DATA RECORDS START

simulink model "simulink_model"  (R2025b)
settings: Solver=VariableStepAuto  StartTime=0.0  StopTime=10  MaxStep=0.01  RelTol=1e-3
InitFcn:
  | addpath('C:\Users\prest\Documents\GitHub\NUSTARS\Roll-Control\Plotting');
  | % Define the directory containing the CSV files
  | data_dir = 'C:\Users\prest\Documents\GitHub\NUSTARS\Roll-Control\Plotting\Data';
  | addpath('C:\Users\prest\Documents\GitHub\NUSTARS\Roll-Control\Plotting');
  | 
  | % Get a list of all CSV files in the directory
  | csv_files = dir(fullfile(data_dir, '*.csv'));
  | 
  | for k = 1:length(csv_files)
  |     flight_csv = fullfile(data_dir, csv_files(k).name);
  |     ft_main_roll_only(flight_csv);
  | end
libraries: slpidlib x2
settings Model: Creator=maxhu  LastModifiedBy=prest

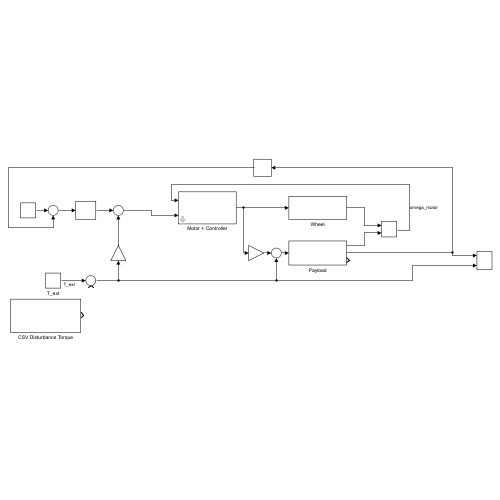
[thumbnail: Simulink's stored preview of the top-level diagram]
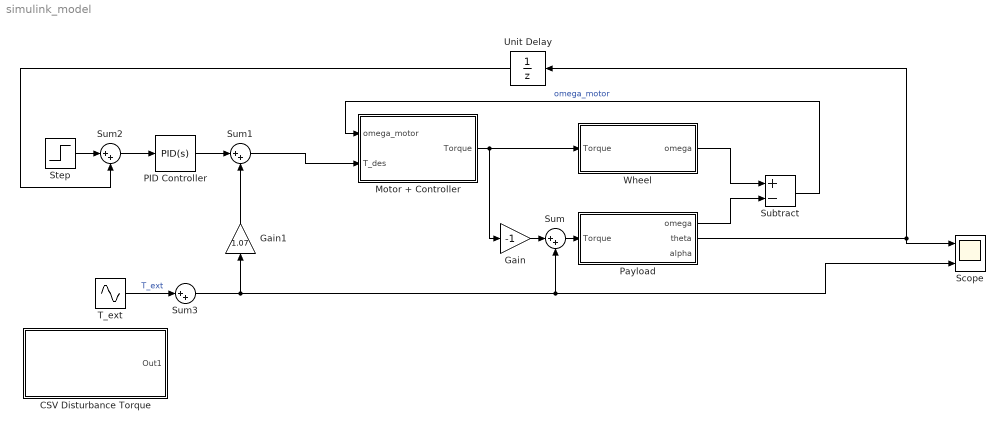
== system simulink_model ==
  CSV Disturbance Torque : Subsystem
  Gain : Gain  Gain=-1
  Gain1 : Gain  Gain=1.07
  Motor + Controller : Subsystem  mask{V_supply=12, T_max=1.65}
      mask prompts: V_supply "Battery Voltage [V]"; T_max "Max Torque [N*m]"
  PID Controller : slpidlib/PID Controller  Controller=PID  Form=Parallel  TimeDomain=Continuous-time  UseExternalTs=off  SampleTime=-1  IntegratorMethod=Forward Euler  FilterMethod=Forward Euler  ControllerParametersSource=internal  P=2e-1  I=5e-2  UseKiTs=off  D=8e-2  UseExternalDerivativeSource=off  N=30  UseFilter=on  TunerSelectOption=Transfer Function Based (PID Tuner App)  InitialConditionSource=internal  InitialConditionForIntegrator=0  InitialConditionForFilter=0  DifferentiatorICPrevScaledInput=0  ExternalReset=none  TrackingMode=off  Kt=1  LimitOutput=off  SatLimitsSource=internal  UpperSaturationLimit=inf  LowerSaturationLimit=-inf  LinearizeAsGain=on  AntiWindupMode=none  Kb=1  LimitIntegrator=on  UpperIntegratorSaturationLimit=1  LowerIntegratorSaturationLimit=-1  POutMin=[]  POutMax=[]  IOutMin=[]  IOutMax=[]  DOutMin=[]  DOutMax=[]  NOutMin=[]  NOutMax=[]  SumOutMin=[]  SumOutMax=[]  SaturationOutMin=[]  SaturationOutMax=[]  PParamMin=[]  PParamMax=[]  IParamMin=[]  IParamMax=[]  DParamMin=[]  DParamMax=[]  NParamMin=[]  NParamMax=[]  KbParamMin=[]  KbParamMax=[]  KtParamMin=[]  KtParamMax=[]  KbOutMin=[]  KbOutMax=[]  KtOutMin=[]  KtOutMax=[]  IntegratorOutMin=[]  IntegratorOutMax=[]  FilterOutMin=[]  FilterOutMax=[]  SumI1OutMin=[]  SumI1OutMax=[]  SumI2OutMin=[]  SumI2OutMax=[]  SumI3OutMin=[]  SumI3OutMax=[]  SumI4OutMin=[]  SumI4OutMax=[]  SumDOutMin=[]  SumDOutMax=[]  DifferentiatorOutMin=[]  DifferentiatorOutMax=[]  FilterDiffOutCoefMin=[]  FilterDiffOutCoefMax=[]  ReciprocalOutMin=[]  ReciprocalOutMax=[]  SumDenOutMin=[]  SumDenOutMax=[]  SumNumOutMin=[]  SumNumOutMax=[]  DivideOutMin=[]  DivideOutMax=[]  UdiffTsProdOutMin=[]  UdiffTsProdOutMax=[]  NTsProdOutMin=[]  NTsProdOutMax=[]  UintegralTsProdOutMin=[]  UintegralTsProdOutMax=[]  UngainTsProdOutMin=[]  UngainTsProdOutMax=[]  ClampingZeroOutDataTypeStr=Inherit: Inherit via back propagation  ClampingZeroOutMin=[]  ClampingZeroOutMax=[]  FilterDenConstantOutDataTypeStr=Inherit: Inherit via back propagation  FilterDenConstantOutMin=[]  FilterDenConstantOutMax=[]  PCopyOutDataTypeStr=Inherit: Inherit via back propagation  PCopyOutMin=[]  PCopyOutMax=[]  NCopyOutDataTypeStr=Inherit: Inherit via back propagation  NCopyOutMin=[]  NCopyOutMax=[]  IntegratorContinuousStateAttributes=''  IntegratorStateMustResolveToSignalObject=off  IntegratorRTWStateStorageClass=Auto  FilterContinuousStateAttributes=''  FilterStateMustResolveToSignalObject=off  FilterRTWStateStorageClass=Auto  ParallelPVariant=InternalParameters  IdealPVariant=Disabled  IVariant=InternalParameters  DVariant=InternalParameters  IntegratorVariant=Continuous  SatVariant=Disabled  AWVariant=Passthrough  PCopyVariant=Disabled  TRVariant=Disabled  FdbkBlocksVariant=Forward  IdealPFdbkVariant=Disabled  SatFdbkVariant=Disabled  DerivativeFilterVariant=ContFilter  NVariant=InternalParameters  NCopyVariant=Disabled  FilterICVariant=InternalICsFilter  IntegratorICVariant=InternalICs  ExternalResetVariant=Disabled  TRSumVariant=Passthrough  SumFdbkVariant=Disabled  SumVariant=Sum_PID  TsampFilterVariant=InternalTs  TsampNgainVariant=Passthrough  TsampIntegralVariant=Passthrough  ExternalSaturationOutDataTypeStr=Inherit: Same as second input  DerivativeSourceVariant=ErrorSignal  PreIntVariant=InternalPreInt
  Payload : Subsystem
  Scope : Scope  NumInputPorts=2
      settings: ActiveDisplayYMinimum=-2.4708061966220987  ActiveDisplayYMaximum=3.9877688102350177
  Step : Step  After=-1  SampleTime=0
  Subtract : Sum  Inputs=+-
  Sum{,1..3} (4 alike) : Sum  Inputs=|++
  T_ext : Sin  Frequency=7  SampleTime=0
  Unit Delay : UnitDelay  SampleTime=1e-3  HasFrameUpgradeWarning=on
  Wheel : Subsystem
  wires:
  Wheel/1(omega) -> Subtract/1
  Gain/1 -> Sum/1
  Sum/1 -> Payload/1(Torque)
  Payload/1(omega) -> Subtract/2
  Motor + Controller/1(Torque) -> Gain/1, Wheel/1(Torque)
  Subtract/1 -> Motor + Controller/1(omega_motor)  "omega_motor"
  Payload/2(theta) -> Scope/1, Unit Delay/1
  Step/1 -> Sum2/1
  Sum2/1 -> PID Controller/1
  Unit Delay/1 -> Sum2/2
  Sum1/1 -> Motor + Controller/2(T_des)
  Sum3/1 -> Scope/2, Sum/2, Gain1/1
  Gain1/1 -> Sum1/2
  PID Controller/1 -> Sum1/1
  T_ext/1 -> Sum3/1  "T_ext"

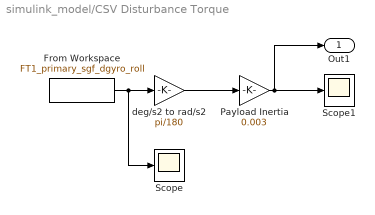
== system simulink_model/CSV Disturbance Torque ==
  From Workspace : FromWorkspace  VariableName=FT1_primary_sgf_dgyro_roll
  Payload Inertia : Gain  Gain=0.003
  Scope : Scope
      settings: ActiveDisplayYMinimum=-1  ActiveDisplayYMaximum=1  DataLoggingVariableName=ScopeData3
  Scope1 : Scope
      settings: ActiveDisplayYMinimum=-0.32143714141880175  ActiveDisplayYMaximum=0.6278113122409269
  deg/s2 to rad/s2 : Gain  Gain=pi/180
  Out1 : Outport
  wires:
  From Workspace/1 -> Scope/1, deg/s2 to rad/s2/1
  Payload Inertia/1 -> Out1/1, Scope1/1
  deg/s2 to rad/s2/1 -> Payload Inertia/1

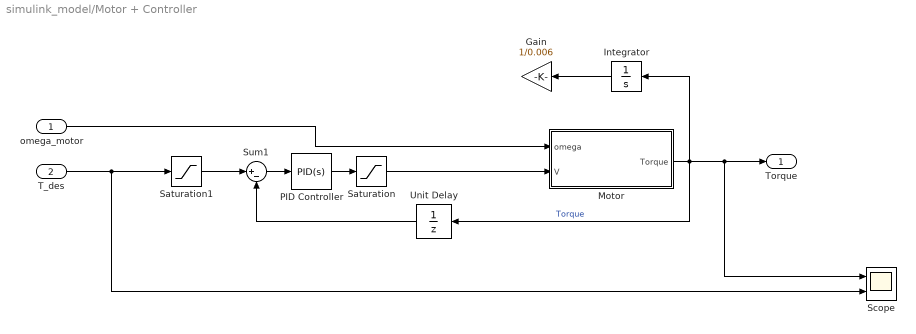
== system simulink_model/Motor + Controller ==
  omega_motor : Inport
  T_des : Inport  Port=2
  Gain : Gain  Gain=1/0.006
  Integrator : Integrator
  Motor : Subsystem  mask{w_nl=182, T_stall=10.9, L=0.000024}
      mask prompts: w_nl "No load speed [rad/s]"; T_stall "Stall torque [N*m]"; L "Inductance [H]"
  PID Controller : slpidlib/PID Controller  Controller=PID  Form=Parallel  TimeDomain=Continuous-time  UseExternalTs=off  SampleTime=-1  IntegratorMethod=Forward Euler  FilterMethod=Forward Euler  ControllerParametersSource=internal  P=1.24  I=650  UseKiTs=off  D=0.4e-4  UseExternalDerivativeSource=off  N=300  UseFilter=on  TunerSelectOption=Transfer Function Based (PID Tuner App)  InitialConditionSource=internal  InitialConditionForIntegrator=0  InitialConditionForFilter=0  DifferentiatorICPrevScaledInput=0  ExternalReset=none  TrackingMode=off  Kt=1  LimitOutput=on  SatLimitsSource=internal  UpperSaturationLimit=12  LowerSaturationLimit=-12  LinearizeAsGain=on  AntiWindupMode=none  Kb=1  LimitIntegrator=on  UpperIntegratorSaturationLimit=40  LowerIntegratorSaturationLimit=-40  POutMin=[]  POutMax=[]  IOutMin=[]  IOutMax=[]  DOutMin=[]  DOutMax=[]  NOutMin=[]  NOutMax=[]  SumOutMin=[]  SumOutMax=[]  SaturationOutMin=[]  SaturationOutMax=[]  PParamMin=[]  PParamMax=[]  IParamMin=[]  IParamMax=[]  DParamMin=[]  DParamMax=[]  NParamMin=[]  NParamMax=[]  KbParamMin=[]  KbParamMax=[]  KtParamMin=[]  KtParamMax=[]  KbOutMin=[]  KbOutMax=[]  KtOutMin=[]  KtOutMax=[]  IntegratorOutMin=[]  IntegratorOutMax=[]  FilterOutMin=[]  FilterOutMax=[]  SumI1OutMin=[]  SumI1OutMax=[]  SumI2OutMin=[]  SumI2OutMax=[]  SumI3OutMin=[]  SumI3OutMax=[]  SumI4OutMin=[]  SumI4OutMax=[]  SumDOutMin=[]  SumDOutMax=[]  DifferentiatorOutMin=[]  DifferentiatorOutMax=[]  FilterDiffOutCoefMin=[]  FilterDiffOutCoefMax=[]  ReciprocalOutMin=[]  ReciprocalOutMax=[]  SumDenOutMin=[]  SumDenOutMax=[]  SumNumOutMin=[]  SumNumOutMax=[]  DivideOutMin=[]  DivideOutMax=[]  UdiffTsProdOutMin=[]  UdiffTsProdOutMax=[]  NTsProdOutMin=[]  NTsProdOutMax=[]  UintegralTsProdOutMin=[]  UintegralTsProdOutMax=[]  UngainTsProdOutMin=[]  UngainTsProdOutMax=[]  ClampingZeroOutDataTypeStr=Inherit: Inherit via back propagation  ClampingZeroOutMin=[]  ClampingZeroOutMax=[]  FilterDenConstantOutDataTypeStr=Inherit: Inherit via back propagation  FilterDenConstantOutMin=[]  FilterDenConstantOutMax=[]  PCopyOutDataTypeStr=Inherit: Inherit via back propagation  PCopyOutMin=[]  PCopyOutMax=[]  NCopyOutDataTypeStr=Inherit: Inherit via back propagation  NCopyOutMin=[]  NCopyOutMax=[]  IntegratorContinuousStateAttributes=''  IntegratorStateMustResolveToSignalObject=off  IntegratorRTWStateStorageClass=Auto  FilterContinuousStateAttributes=''  FilterStateMustResolveToSignalObject=off  FilterRTWStateStorageClass=Auto  ParallelPVariant=InternalParameters  IdealPVariant=Disabled  IVariant=InternalParameters  DVariant=InternalParameters  IntegratorVariant=Continuous  SatVariant=Disabled  AWVariant=Passthrough  PCopyVariant=Disabled  TRVariant=Disabled  FdbkBlocksVariant=Forward  IdealPFdbkVariant=Disabled  SatFdbkVariant=Disabled  DerivativeFilterVariant=ContFilter  NVariant=InternalParameters  NCopyVariant=Disabled  FilterICVariant=InternalICsFilter  IntegratorICVariant=InternalICs  ExternalResetVariant=Disabled  TRSumVariant=Passthrough  SumFdbkVariant=Disabled  SumVariant=Sum_PID  TsampFilterVariant=InternalTs  TsampNgainVariant=Passthrough  TsampIntegralVariant=Passthrough  ExternalSaturationOutDataTypeStr=Inherit: Same as second input  DerivativeSourceVariant=ErrorSignal  PreIntVariant=InternalPreInt
  Saturation : Saturate  UpperLimit=V_supply  LowerLimit=-V_supply
  Saturation1 : Saturate  UpperLimit=T_max  LowerLimit=-T_max
  Scope : Scope  NumInputPorts=2
      settings: ActiveDisplayYMinimum=-1  ActiveDisplayYMaximum=1  DataLoggingVariableName=ScopeData2
  Sum1 : Sum  Inputs=|+-
  Unit Delay : UnitDelay  SampleTime=0.0005  HasFrameUpgradeWarning=on
  Torque : Outport
  wires:
  Sum1/1 -> PID Controller/1
  Unit Delay/1 -> Sum1/2
  Motor/1(Torque) -> Integrator/1, Unit Delay/1, Scope/1, Torque/1  "Torque"
  PID Controller/1 -> Saturation/1
  Integrator/1 -> Gain/1
  Saturation/1 -> Motor/2(V)
  Saturation1/1 -> Sum1/1
  T_des/1 -> Scope/2, Saturation1/1
  omega_motor/1 -> Motor/1(omega)

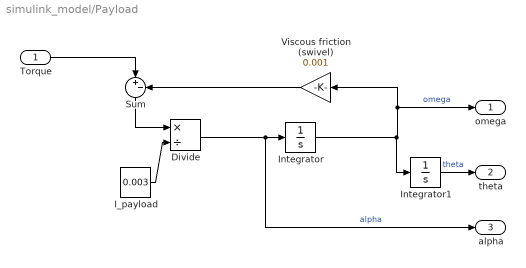
== system simulink_model/Payload ==
  Torque : Inport
  Divide : Product  Inputs=*/
  I_payload : Constant  Value=0.003
  Integrator : Integrator
  Integrator1 : Integrator
  Sum : Sum  Inputs=|+-
  Viscous friction (swivel) : Gain  Gain=0.001
  omega : Outport
  theta : Outport  Port=2
  alpha : Outport  Port=3
  wires:
  Integrator/1 -> Integrator1/1, Viscous friction (swivel)/1, omega/1  "omega"
  Sum/1 -> Divide/1
  Viscous friction (swivel)/1 -> Sum/2
  Torque/1 -> Sum/1
  I_payload/1 -> Divide/2
  Divide/1 -> alpha/1, Integrator/1  "alpha"
  Integrator1/1 -> theta/1  "theta"

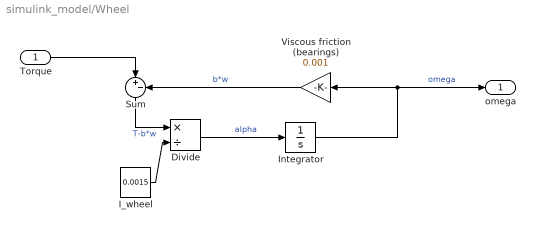
== system simulink_model/Wheel ==
  Torque : Inport
  Divide : Product  Inputs=*/
  I_wheel : Constant  Value=0.0015
  Integrator : Integrator
  Sum : Sum  Inputs=|+-
  Viscous friction (bearings) : Gain  Gain=0.001
  omega : Outport
  wires:
  Integrator/1 -> Viscous friction (bearings)/1, omega/1  "omega"
  Sum/1 -> Divide/1  "T-b*w"
  Torque/1 -> Sum/1
  I_wheel/1 -> Divide/2
  Divide/1 -> Integrator/1  "alpha"
  Viscous friction (bearings)/1 -> Sum/2  "b*w"

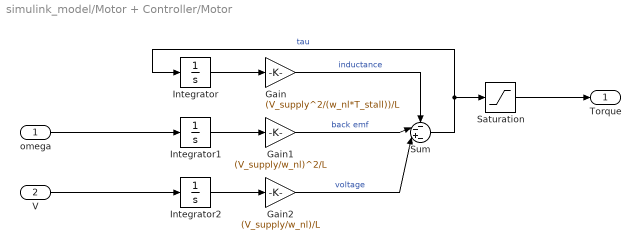
== system simulink_model/Motor + Controller/Motor ==
  omega : Inport
  V : Inport  Port=2
  Gain : Gain  Gain=(V_supply^2/(w_nl*T_stall))/L
  Gain1 : Gain  Gain=(V_supply/w_nl)^2/L
  Gain2 : Gain  Gain=(V_supply/w_nl)/L
  Integrator : Integrator
  Integrator1 : Integrator
  Integrator2 : Integrator
  Saturation : Saturate  UpperLimit=T_max  LowerLimit=-T_max
  Sum : Sum  Inputs=--+-
  Torque : Outport
  wires:
  Integrator/1 -> Gain/1
  Integrator1/1 -> Gain1/1
  Sum/1 -> Saturation/1, Integrator/1  "tau"
  Integrator2/1 -> Gain2/1
  Gain1/1 -> Sum/2  "back emf"
  Gain/1 -> Sum/1  "inductance"
  omega/1 -> Integrator1/1
  V/1 -> Integrator2/1
  Gain2/1 -> Sum/3  "voltage"
  Saturation/1 -> Torque/1

DATA RECORDS END

## PROBLEM DESCRIPTION
Return, unchanged, the run of lines above that opens with the line containing "system simulink_model/CSV Disturbance" and closes with the line containing "deg/s2 to rad/s2/1 -> Payload Inertia/1". Include both.

## SOLVED PROBLEM
== system simulink_model/CSV Disturbance Torque ==
  From Workspace : FromWorkspace  VariableName=FT1_primary_sgf_dgyro_roll
  Payload Inertia : Gain  Gain=0.003
  Scope : Scope
      settings: ActiveDisplayYMinimum=-1  ActiveDisplayYMaximum=1  DataLoggingVariableName=ScopeData3
  Scope1 : Scope
      settings: ActiveDisplayYMinimum=-0.32143714141880175  ActiveDisplayYMaximum=0.6278113122409269
  deg/s2 to rad/s2 : Gain  Gain=pi/180
  Out1 : Outport
  wires:
  From Workspace/1 -> Scope/1, deg/s2 to rad/s2/1
  Payload Inertia/1 -> Out1/1, Scope1/1
  deg/s2 to rad/s2/1 -> Payload Inertia/1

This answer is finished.